4. Pre-Cut Vegetables
Vegetables are great at any time of the day for kids. Chopped veggies are a delight and an easy school lunch prep for the week.
- Carrots- 2
- Peppers – 3
- Cucumbers- 1
- Beets – 1
This will last for a week.
- Chop the carrots, peppers, and beets into thin slices.
- Chop the cucumbers in thin circles.
- Gently wet a paper towel and wrap the chopped veggies in them. Place them in an air-tight container and they will last fresh for until 5 days.
Serve these in a small box with a dip and if you have some extra, then throw them in their sandwiches.
5. Chopped Fruits
Having chopped fruits in hand will save you those unhealthy snacking raids before mealtimes. They also make for great lunchbox ideas
- Apples – 2
- Pears – 2
This will last for 5 days.
- Chop the apples and pear into long chunks and place them in an air-tight container. Toss them in a mixture of 2 tablespoons lemon juice and water. Drain the excess water content before storing them in the fridge.
Serve fruits for snacks with crackers or peanut butter as a snack before the main meal.
6. Cooked Grains
A cup of cooked rice or pasta served with curry or sauce will solve your dinner woes.
- Rice – 1 cup
- Pasta – 1 cup
Serves about 4 people
- Cook the rice or pasta in an instant pot or cooker.
- Drain all the water content and store it in an air-tight container.
Serve rice or pasta for dinner, along with curry, for a full meal.
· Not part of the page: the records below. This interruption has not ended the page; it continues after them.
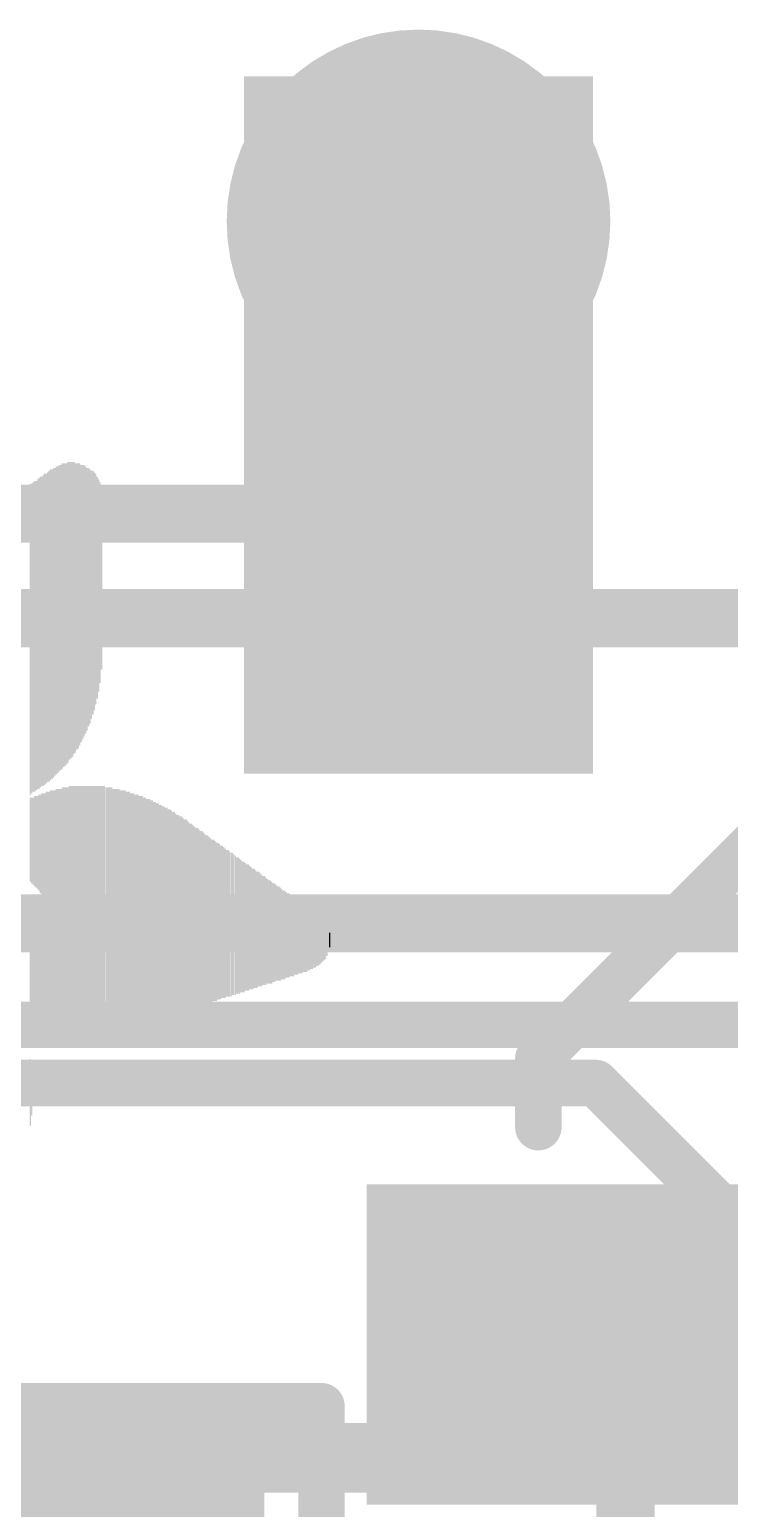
# Model space of a CAD drawing. Extents: x -0.1 to 65.1, y -0.2 to 30.7.
# Drawn here: x 42.23 to 45.29, y 19.6 to 26.07 of the extents above; entities that cross this region are included whole.
import ezdxf

# ---------------------------------------------------------------- set-up
doc = ezdxf.new("R2010")
doc.units = 0
for name, color, linetype in [('1', 12, 'CONTINUOUS'), ('16', 5, 'CONTINUOUS'), ('17', 110, 'CONTINUOUS'), ('21', 40, 'CONTINUOUS')]:
    doc.layers.add(name, color=color, linetype=linetype)

# ---------------------------------------------------------------- blocks, each defined once
blk = doc.blocks.new('RECT')
blk.add_solid([(-0.5, -0.5), (0.5, -0.5), (-0.5, 0.5), (0.5, 0.5)])
blk = doc.blocks.new('ROUNDP')
at = {"const_width": 0.5}
blk.add_lwpolyline([(0, -0.25, 1), (0, 0.25, 1), (0, -0.25)], format="xyb", dxfattribs=at)

msp = doc.modelspace()

# ---------------------------------------------------------------- linework, layer by layer
at = {"layer": '1'}
for points, const_width in [([(43.93, 25.23), (43.93, 24.372)], 0.254), ([(43.93, 24.372), (43.5102, 23.9522)], 0.254), ([(43.5102, 23.9522), (5.4621, 23.9522)], 0.254), ([(5.6515, 23.495), (46.101, 23.495)], 0.254), ([(35.0535, 22.1615), (58.355, 22.1615)], 0.254), ([(57.467, 21.717), (36.0073, 21.717)], 0.2032), ([(44.8343, 20.1508), (45.0035, 20.32)], 0.254), ([(44.8343, 18.5706), (44.8343, 20.1508)], 0.254)]:
    msp.add_lwpolyline(points, dxfattribs=dict(at, const_width=const_width))
at = {"layer": '1', "const_width": 0.127}
for points in [[(43.9935, 25.23, 1), (43.8665, 25.23)], [(43.9749, 24.3271, 1), (43.8851, 24.4169)], [(43.8665, 24.372, 1), (43.9935, 24.372)], [(43.4653, 23.9971, 1), (43.5551, 23.9073)], [(43.5102, 23.8887, 1), (43.5102, 24.0157)], [(45.0484, 20.2751, 1), (44.9586, 20.3649)], [(44.8978, 20.1508, 1), (44.7708, 20.1508)], [(44.7894, 20.1957, 1), (44.8792, 20.1059)]]:
    msp.add_lwpolyline(points, format="xyb", dxfattribs=at)
at = {"layer": '16'}
for points, const_width in [([(43.9296, 25.2296), (43.93, 25.23)], 0.4064), ([(43.9296, 24.3394), (43.9296, 25.2296)], 0.4064), ([(33.147, 21.463), (44.704, 21.463)], 0.2032), ([(44.704, 21.463), (46.4439, 19.7231)], 0.2032), ([(34.584, 19.8247), (45.6322, 19.8247)], 0.3048)]:
    msp.add_lwpolyline(points, dxfattribs=dict(at, const_width=const_width))
for points, const_width in [([(44.0312, 25.2296, 1), (43.828, 25.2296)], 0.2032), ([(44.0018, 25.1582, 1), (43.8582, 25.3018)], 0.2032), ([(43.8578, 25.3014, 1), (44.0014, 25.1578)], 0.2032), ([(43.828, 24.3394, 1), (44.0312, 24.3394)], 0.2032), ([(44.7399, 21.4989, 1), (44.6681, 21.4271)], 0.1016), ([(44.704, 21.4122, 1), (44.704, 21.5138)], 0.1016)]:
    msp.add_lwpolyline(points, format="xyb", dxfattribs=dict(at, const_width=const_width))
at = {"layer": '21', "const_width": 0.2032}
for points in [[(44.4535, 21.57), (45.8035, 22.92)], [(44.4535, 21.27), (44.4535, 21.57)], [(39.806, 20.05), (43.506, 20.05)], [(43.506, 20.05), (43.506, 18.05)]]:
    msp.add_lwpolyline(points, dxfattribs=at)
at = {"layer": '21', "const_width": 0.1016}
for points in [[(44.5043, 21.57, 1), (44.4027, 21.57)], [(44.4176, 21.6059, 1), (44.4894, 21.5341)], [(44.4027, 21.27, 1), (44.5043, 21.27)], [(43.5568, 20.05, 1), (43.4552, 20.05)], [(43.506, 19.9992, 1), (43.506, 20.1008)]]:
    msp.add_lwpolyline(points, format="xyb", dxfattribs=at)

# ---------------------------------------------------------------- block references
at = {"layer": '1', "xscale": 2.6, "yscale": 1.4, "rotation": 180}
msp.add_blockref('RECT', (45.0035, 20.32), dxfattribs=at)
at = {"layer": '1', "xscale": 1.3, "yscale": 1.5}
msp.add_blockref('RECT', (42.606, 19.05), dxfattribs=at)
at = {"layer": '16', "xscale": 3.048, "yscale": 1.524, "rotation": 90}
msp.add_blockref('RECT', (43.9296, 24.3394), dxfattribs=at)
at = {"layer": '17', "xscale": 1.6764, "yscale": 1.6764}
msp.add_blockref('ROUNDP', (43.93, 25.23), dxfattribs=at)
msp.add_blockref('ROUNDP', (43.93, 25.23), dxfattribs=at)
at = {"layer": '21', "rotation": 270}
for p, xscale, yscale in [((42.2783, 23.4347), 1.3589, 0.0064), ((42.2846, 23.4379), 1.3525, 0.0063), ((42.291, 23.4411), 1.3589, 0.0064), ((42.2974, 23.4474), 1.3589, 0.0063), ((42.3037, 23.4505), 1.3525, 0.0064), ((42.3101, 23.4569), 1.3526, 0.0063), ((42.3164, 23.4601), 1.3589, 0.0064), ((42.3227, 23.4665), 1.3589, 0.0063), ((42.3291, 23.4696), 1.3526, 0.0064), ((42.3355, 23.476), 1.3525, 0.0063), ((42.3418, 23.4791), 1.3462, 0.0064), ((42.3482, 23.4855), 1.3462, 0.0063), ((42.3545, 23.4886), 1.3399, 0.0064), ((42.3608, 23.495), 1.3398, 0.0063), ((42.3672, 23.4982), 1.3335, 0.0064), ((42.3736, 23.5046), 1.3335, 0.0063), ((42.3799, 23.5077), 1.3272, 0.0064), ((42.3863, 23.5109), 1.3208, 0.0063), ((42.3926, 23.5141), 1.3145, 0.0064), ((42.3989, 23.5204), 1.3144, 0.0063), ((42.4053, 23.5267), 1.3017, 0.0064), ((42.4117, 23.5299), 1.2954, 0.0063), ((42.418, 23.5331), 1.289, 0.0064), ((42.4244, 23.5395), 1.2763, 0.0063), ((42.4307, 23.5395), 1.2637, 0.0064), ((42.437, 23.5458), 1.251, 0.0063), ((42.4434, 23.549), 1.2446, 0.0064), ((42.4498, 23.5554), 1.2319, 0.0063), ((42.4561, 23.5585), 1.2128, 0.0064), ((42.4625, 23.5648), 1.2001, 0.0063), ((42.4688, 23.5712), 1.1874, 0.0064), ((42.4751, 23.5744), 1.1684, 0.0063), ((42.4815, 23.5776), 1.1493, 0.0064), ((42.4879, 23.5871), 1.1303, 0.0063), ((42.4942, 23.5903), 1.1113, 0.0064), ((42.5006, 23.5966), 1.0858, 0.0063), ((42.5069, 23.6061), 1.0668, 0.0064), ((42.5132, 23.6125), 1.0414, 0.0063), ((42.5196, 23.622), 1.0096, 0.0064), ((42.526, 23.6284), 0.9715, 0.0063), ((42.2339, 23.403), 1.3589, 0.0063), ((42.2402, 23.4061), 1.3526, 0.0064), ((42.2465, 23.4124), 1.3525, 0.0063), ((42.2529, 23.4156), 1.3589, 0.0064), ((42.2593, 23.4188), 1.3526, 0.0063), ((42.2656, 23.4252), 1.3525, 0.0064), ((42.272, 23.4284), 1.3589, 0.0063), ((42.5323, 23.6379), 0.9271, 0.0064), ((42.5387, 23.6506), 0.8763, 0.0063), ((42.545, 23.6665), 0.7937, 0.0064), ((42.4053, 22.2346), 1.0541, 0.0064), ((42.4117, 22.2314), 1.0605, 0.0063), ((42.418, 22.2314), 1.0605, 0.0064), ((42.4244, 22.2314), 1.0605, 0.0063), ((42.4307, 22.2314), 1.0605, 0.0064), ((42.437, 22.2314), 1.0605, 0.0063), ((42.4434, 22.2314), 1.0605, 0.0064), ((42.4498, 22.2314), 1.0605, 0.0063), ((42.4561, 22.2314), 1.0605, 0.0064), ((42.4625, 22.2314), 1.0605, 0.0063), ((42.4688, 22.2314), 1.0605, 0.0064), ((42.4751, 22.2282), 1.0668, 0.0063), ((42.4815, 22.2282), 1.0668, 0.0064), ((42.4879, 22.2282), 1.0668, 0.0063), ((42.4942, 22.2282), 1.0668, 0.0064), ((42.5006, 22.2282), 1.0668, 0.0063), ((42.5069, 22.2282), 1.0668, 0.0064), ((42.5132, 22.2282), 1.0668, 0.0063), ((42.5196, 22.2282), 1.0668, 0.0064), ((42.526, 22.2282), 1.0668, 0.0063), ((42.5323, 22.2282), 1.0668, 0.0064), ((42.5387, 22.2282), 1.0668, 0.0063), ((42.545, 22.2282), 1.0668, 0.0064), ((42.5513, 22.2282), 1.0668, 0.0063), ((42.5577, 22.2282), 1.0668, 0.0064), ((42.2339, 22.5267), 0.3683, 0.0063), ((42.2402, 22.5235), 0.3747, 0.0064), ((42.2465, 22.5203), 0.381, 0.0063), ((42.2529, 22.5203), 0.3937, 0.0064), ((42.2593, 22.5171), 0.4, 0.0063), ((42.2656, 22.5139), 0.4064, 0.0064), ((42.272, 22.514), 0.4191, 0.0063), ((42.2783, 22.5076), 0.4318, 0.0064), ((42.2846, 22.2345), 0.9906, 0.0063), ((42.291, 22.2314), 0.9969, 0.0064), ((42.2974, 22.2314), 0.9969, 0.0063), ((42.3037, 22.2346), 1.0033, 0.0064), ((42.3101, 22.2314), 1.0097, 0.0063), ((42.3164, 22.2314), 1.0097, 0.0064), ((42.3227, 22.2345), 1.016, 0.0063), ((42.3291, 22.2314), 1.0223, 0.0064), ((42.3355, 22.2314), 1.0223, 0.0063), ((42.3418, 22.2314), 1.0223, 0.0064), ((42.3482, 22.2346), 1.0287, 0.0063), ((42.3545, 22.2314), 1.0351, 0.0064), ((42.3608, 22.2314), 1.0351, 0.0063), ((42.3672, 22.2314), 1.0351, 0.0064), ((42.3736, 22.2345), 1.0414, 0.0063), ((42.3799, 22.2314), 1.0477, 0.0064), ((42.3863, 22.2314), 1.0477, 0.0063), ((42.3926, 22.2314), 1.0477, 0.0064), ((42.3989, 22.2314), 1.0477, 0.0063), ((42.5641, 22.2281), 1.0541, 0.0063), ((42.5704, 22.2281), 1.0541, 0.0064), ((42.5768, 22.2281), 1.0541, 0.0063), ((42.5831, 22.2281), 1.0541, 0.0064), ((42.5894, 22.2281), 1.0541, 0.0063), ((42.5958, 22.225), 1.0478, 0.0064), ((42.6022, 22.225), 1.0478, 0.0063), ((42.6085, 22.225), 1.0478, 0.0064), ((42.6149, 22.225), 1.0478, 0.0063), ((42.6212, 22.225), 1.0478, 0.0064), ((42.6275, 22.2218), 1.0414, 0.0063), ((42.6339, 22.225), 1.035, 0.0064), ((42.6403, 22.225), 1.035, 0.0063), ((42.6466, 22.225), 1.035, 0.0064), ((42.653, 22.2218), 1.0287, 0.0063), ((42.6593, 22.2218), 1.0287, 0.0064), ((42.6656, 22.2218), 1.0287, 0.0063), ((42.672, 22.2218), 1.016, 0.0064), ((42.6784, 22.2218), 1.016, 0.0063), ((42.6847, 22.2218), 1.016, 0.0064), ((42.6911, 22.2187), 1.0097, 0.0063), ((42.6974, 22.2187), 1.0097, 0.0064), ((42.7037, 22.2218), 1.0033, 0.0063), ((42.7101, 22.2187), 0.9969, 0.0064), ((42.7165, 22.2187), 0.9969, 0.0063), ((42.7228, 22.2187), 0.9969, 0.0064), ((42.7292, 22.2155), 0.9906, 0.0063), ((42.7355, 22.2187), 0.9843, 0.0064), ((42.7418, 22.2155), 0.9779, 0.0063), ((42.7482, 22.2155), 0.9779, 0.0064), ((42.7546, 22.2187), 0.9715, 0.0063), ((42.7609, 22.2155), 0.9652, 0.0064), ((42.7673, 22.2155), 0.9652, 0.0063), ((42.7736, 22.2123), 0.9588, 0.0064), ((42.7799, 22.2155), 0.9525, 0.0063), ((42.7863, 22.2123), 0.9462, 0.0064), ((42.7927, 22.2155), 0.9398, 0.0063), ((42.799, 22.2123), 0.9334, 0.0064), ((42.8054, 22.2123), 0.9334, 0.0063), ((42.8117, 22.2092), 0.9271, 0.0064), ((42.818, 22.2123), 0.9208, 0.0063), ((42.8244, 22.2091), 0.9144, 0.0064), ((42.8308, 22.2091), 0.9144, 0.0063), ((42.8371, 22.2092), 0.9017, 0.0064), ((42.8435, 22.2092), 0.9017, 0.0063), ((42.8498, 22.206), 0.8953, 0.0064), ((42.8561, 22.206), 0.8827, 0.0063), ((42.8625, 22.206), 0.8827, 0.0064), ((42.8689, 22.2028), 0.8763, 0.0063), ((42.8752, 22.2028), 0.8636, 0.0064), ((42.8816, 22.2028), 0.8636, 0.0063), ((42.8879, 22.1996), 0.8572, 0.0064), ((42.8942, 22.2028), 0.8509, 0.0063), ((42.9006, 22.1996), 0.8446, 0.0064), ((42.907, 22.1964), 0.8382, 0.0063), ((42.9133, 22.1996), 0.8318, 0.0064), ((42.9197, 22.1965), 0.8255, 0.0063), ((42.926, 22.1933), 0.8191, 0.0064), ((42.9323, 22.1933), 0.8065, 0.0063), ((42.9387, 22.1933), 0.8065, 0.0064), ((42.9451, 22.19), 0.8001, 0.0063), ((42.9514, 22.1869), 0.7938, 0.0064), ((42.9578, 22.1869), 0.781, 0.0063), ((42.9641, 22.1869), 0.781, 0.0064), ((42.9704, 22.1869), 0.7684, 0.0063), ((42.9768, 22.1837), 0.762, 0.0064), ((42.9832, 22.1837), 0.762, 0.0063), ((42.9895, 22.1806), 0.7557, 0.0064), ((42.9959, 22.1806), 0.7429, 0.0063), ((43.0022, 22.1774), 0.7366, 0.0064), ((43.0085, 22.1774), 0.7366, 0.0063), ((43.0149, 22.1774), 0.7239, 0.0064), ((43.0213, 22.1742), 0.7176, 0.0063), ((43.0276, 22.171), 0.7112, 0.0064), ((43.034, 22.1742), 0.7048, 0.0063), ((43.0403, 22.1711), 0.6985, 0.0064), ((43.0466, 22.1679), 0.6921, 0.0063), ((43.053, 22.171), 0.6858, 0.0064), ((43.0594, 22.1679), 0.6795, 0.0063), ((43.0657, 22.1647), 0.6731, 0.0064), ((43.0721, 22.1679), 0.6667, 0.0063), ((43.0784, 22.1647), 0.6604, 0.0064), ((43.0847, 22.1615), 0.654, 0.0063), ((43.0911, 22.1615), 0.6414, 0.0064), ((43.0975, 22.1615), 0.6414, 0.0063), ((43.1038, 22.1583), 0.635, 0.0064), ((43.1102, 22.1552), 0.6287, 0.0063), ((43.1165, 22.1584), 0.6223, 0.0064), ((43.1228, 22.1552), 0.6159, 0.0063), ((43.1292, 22.152), 0.6096, 0.0064), ((43.1356, 22.1519), 0.5969, 0.0063), ((43.1419, 22.1519), 0.5969, 0.0064), ((43.1483, 22.1488), 0.5906, 0.0063), ((43.1546, 22.1488), 0.5778, 0.0064), ((43.1609, 22.1456), 0.5715, 0.0063), ((43.1673, 22.1456), 0.5715, 0.0064), ((43.1737, 22.1456), 0.5588, 0.0063), ((43.18, 22.1425), 0.5525, 0.0064), ((43.1864, 22.1425), 0.5525, 0.0063), ((43.1927, 22.1425), 0.5397, 0.0064), ((43.199, 22.1393), 0.5334, 0.0063), ((43.2054, 22.1361), 0.527, 0.0064), ((43.2118, 22.1393), 0.5207, 0.0063), ((43.2181, 22.1361), 0.5144, 0.0064), ((43.2245, 22.1329), 0.508, 0.0063), ((43.2308, 22.1361), 0.5016, 0.0064), ((43.2371, 22.133), 0.4953, 0.0063), ((43.2435, 22.1298), 0.4889, 0.0064), ((43.2499, 22.1298), 0.4763, 0.0063), ((43.2562, 22.1298), 0.4763, 0.0064), ((43.2626, 22.1266), 0.4699, 0.0063), ((43.2689, 22.1266), 0.4572, 0.0064), ((43.2752, 22.1234), 0.4508, 0.0063), ((43.2816, 22.1234), 0.4508, 0.0064), ((43.288, 22.1203), 0.4445, 0.0063), ((43.2943, 22.1202), 0.4318, 0.0064), ((43.3007, 22.1202), 0.4318, 0.0063), ((43.307, 22.1203), 0.4191, 0.0064), ((43.3133, 22.1171), 0.4127, 0.0063), ((43.3197, 22.1171), 0.4127, 0.0064), ((43.3261, 22.1139), 0.4064, 0.0063), ((43.3324, 22.1138), 0.3937, 0.0064), ((43.3388, 22.1107), 0.3874, 0.0063), ((43.3451, 22.1107), 0.3874, 0.0064), ((42.272, 21.9932), 0.4953, 0.0063), ((42.2783, 21.9932), 0.508, 0.0064), ((43.3514, 22.1107), 0.3746, 0.0063), ((43.3578, 22.1075), 0.3683, 0.0064), ((43.3642, 22.1075), 0.3683, 0.0063), ((43.3705, 22.1075), 0.3556, 0.0064), ((43.3769, 22.1044), 0.3493, 0.0063), ((43.3832, 22.1012), 0.3429, 0.0064), ((43.3895, 22.1044), 0.3365, 0.0063), ((43.3959, 22.1012), 0.3302, 0.0064), ((43.4023, 22.098), 0.3238, 0.0063), ((43.4086, 22.098), 0.3112, 0.0064), ((43.415, 22.098), 0.3112, 0.0063), ((43.4213, 22.0948), 0.3048, 0.0064), ((43.4276, 22.0949), 0.2921, 0.0063), ((43.434, 22.0949), 0.2921, 0.0064), ((42.2339, 21.9837), 0.4508, 0.0063), ((42.2402, 21.9869), 0.4572, 0.0064), ((42.2465, 21.9869), 0.4699, 0.0063), ((42.2529, 21.9869), 0.4699, 0.0064), ((42.2593, 21.9869), 0.4826, 0.0063), ((42.2656, 21.9901), 0.4889, 0.0064), ((43.4404, 22.0917), 0.2857, 0.0063), ((43.4467, 22.0917), 0.2731, 0.0064), ((43.4531, 22.0885), 0.2667, 0.0063), ((43.4594, 22.0917), 0.2603, 0.0064), ((43.4657, 22.0885), 0.254, 0.0063), ((43.4721, 22.0885), 0.2413, 0.0064), ((43.4785, 22.0853), 0.235, 0.0063), ((43.4848, 22.0853), 0.2222, 0.0064), ((43.4912, 22.0853), 0.2222, 0.0063), ((43.4975, 22.0853), 0.2096, 0.0064), ((43.5038, 22.0853), 0.1968, 0.0063), ((43.5102, 22.0853), 0.1842, 0.0064), ((43.5166, 22.0853), 0.1714, 0.0063), ((43.5229, 22.0821), 0.1524, 0.0064), ((43.5293, 22.0853), 0.1334, 0.0063), ((43.5356, 22.0885), 0.1016, 0.0064), ((43.5419, 22.0885), 0.0635, 0.0063), ((42.2339, 21.4217), 0.2921, 0.0063), ((42.2402, 21.4249), 0.2096, 0.0064), ((42.2465, 21.4281), 0.0889, 0.0063)]:
    msp.add_blockref('RECT', p, dxfattribs=dict(at, xscale=xscale, yscale=yscale))

doc.saveas('drawing.dxf')

7. Hidden Veggie Tomato Sauce
A great addition to kid’s pasta and pizzas and a perfect way to sneak some nutrients.
- 1 medium onion, diced
- 2 garlic cloves, chopped
- 3 carrots, diced
- 2 courgettes, finely diced
- 1 red pepper, chopped
- 1.5 kg passata
- 2 cups vegetable stock
- 1 tablespoon tomato puree
- 1 teaspoon dried herbs
- A handful of basil leaves
Yields 10 cups.
- Heat oil in a pan, add the onions and sauté for 3 minutes. Add the garlic and fry again. Now toss the carrots, peppers, courgettes.
- Once done, add the vegetable stock and passata. Add the tomato puree and herbs and bring to a boil.
- Once the vegetables are cooked, add the basil leaves.
- Blend to a smooth paste in a blender once the mixture is cooled.
Store in air-tight containers, jars or a freezer bag and use as needed.
8. Sweet Potato Banana Bites
These tiny bites are gluten-free and nutritious and make for a great snack for kids and adults.
- ½ cup cooked and mashed sweet potato
- ½ cup mashed banana
- ¼ peanut butter
- 2 eggs
- Cinnamon to taste
- Chia seeds, dried fruits, etc., to garnish
Yields 15-18 pieces
- Mash the sweet potato and banana in a bowl.
- Add the peanut butter, cinnamon, and eggs and whisk well.
- Add the garnishing, if any.
- Bake at 375 degrees Fahrenheit for 20 minutes.
- Cut into small cubes.
Store in air-tight containers and have for snacks or dessert in the lunch box.
9. Hard-Boiled Eggs
Hard-boiled eggs are great for breakfast, lunch, and dinner. You can use them in any way you want, such as plain with salt or pepper, in sandwiches, etc.
- 5 eggs
- Boil the eggs for 10-12 minutes and store them in the fridge.
Serve them with a slice of toast for breakfast or slice them and add them to a sandwich.
10. Roasted Vegetables
Roasted vegetables have a unique taste and bring a sweetness that kids will love. They can be eaten just as is or tossed in rice, sandwiches, and salads.
- Potatoes – 2
- Parsnips -2
- Sweet Potato – 1
- Courgettes – 1
- Carrots – 1
- Roast each vegetable separately and keep checking them, as and when they are done.
- Store in a container.
Add these vegetables as a side to rice and toss them in sandwiches, topped with some cheese.
Preparing part of the meal is a great way to ease the workload and serve the right food to your kid. A little bit of planning and work makes life simple and works wonders when it comes to health and nutrition as well.